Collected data
══════
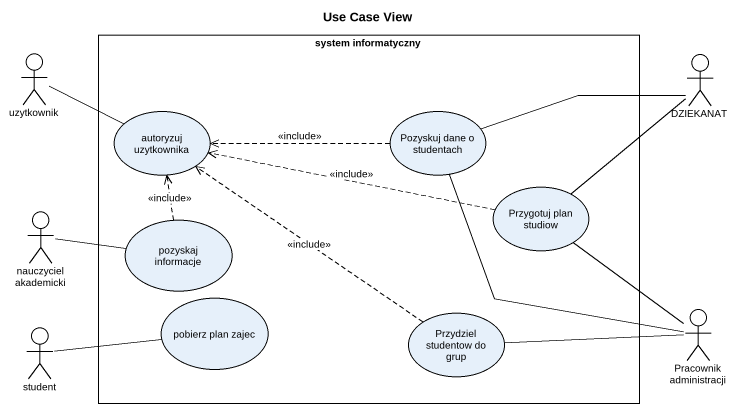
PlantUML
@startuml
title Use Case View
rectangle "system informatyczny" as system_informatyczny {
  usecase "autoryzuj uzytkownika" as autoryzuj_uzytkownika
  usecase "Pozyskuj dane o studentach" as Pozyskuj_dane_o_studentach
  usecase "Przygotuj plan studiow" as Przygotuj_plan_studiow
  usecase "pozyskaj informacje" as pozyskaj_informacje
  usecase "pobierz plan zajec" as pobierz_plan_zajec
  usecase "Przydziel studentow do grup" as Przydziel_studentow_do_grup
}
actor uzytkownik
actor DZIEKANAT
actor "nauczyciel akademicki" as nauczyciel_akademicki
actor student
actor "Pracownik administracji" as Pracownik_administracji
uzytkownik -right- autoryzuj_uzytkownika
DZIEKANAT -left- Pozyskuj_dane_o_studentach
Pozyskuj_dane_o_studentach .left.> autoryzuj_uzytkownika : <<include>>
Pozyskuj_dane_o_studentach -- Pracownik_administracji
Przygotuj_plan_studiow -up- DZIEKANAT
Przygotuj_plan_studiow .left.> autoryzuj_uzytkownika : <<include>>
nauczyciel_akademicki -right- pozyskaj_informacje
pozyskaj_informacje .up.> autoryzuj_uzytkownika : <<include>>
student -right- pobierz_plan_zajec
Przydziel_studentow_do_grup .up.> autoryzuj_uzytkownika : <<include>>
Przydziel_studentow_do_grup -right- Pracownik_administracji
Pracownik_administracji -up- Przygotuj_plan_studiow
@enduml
══════
#### Your goal:
Set out exactly the run of lines that begins at the line holding "DZIEKANAT -left- Pozyskuj_dane_o_studentach" and ends at the last line of the data.

#### Finished task:
DZIEKANAT -left- Pozyskuj_dane_o_studentach
Pozyskuj_dane_o_studentach .left.> autoryzuj_uzytkownika : <<include>>
Pozyskuj_dane_o_studentach -- Pracownik_administracji
Przygotuj_plan_studiow -up- DZIEKANAT
Przygotuj_plan_studiow .left.> autoryzuj_uzytkownika : <<include>>
nauczyciel_akademicki -right- pozyskaj_informacje
pozyskaj_informacje .up.> autoryzuj_uzytkownika : <<include>>
student -right- pobierz_plan_zajec
Przydziel_studentow_do_grup .up.> autoryzuj_uzytkownika : <<include>>
Przydziel_studentow_do_grup -right- Pracownik_administracji
Pracownik_administracji -up- Przygotuj_plan_studiow
@enduml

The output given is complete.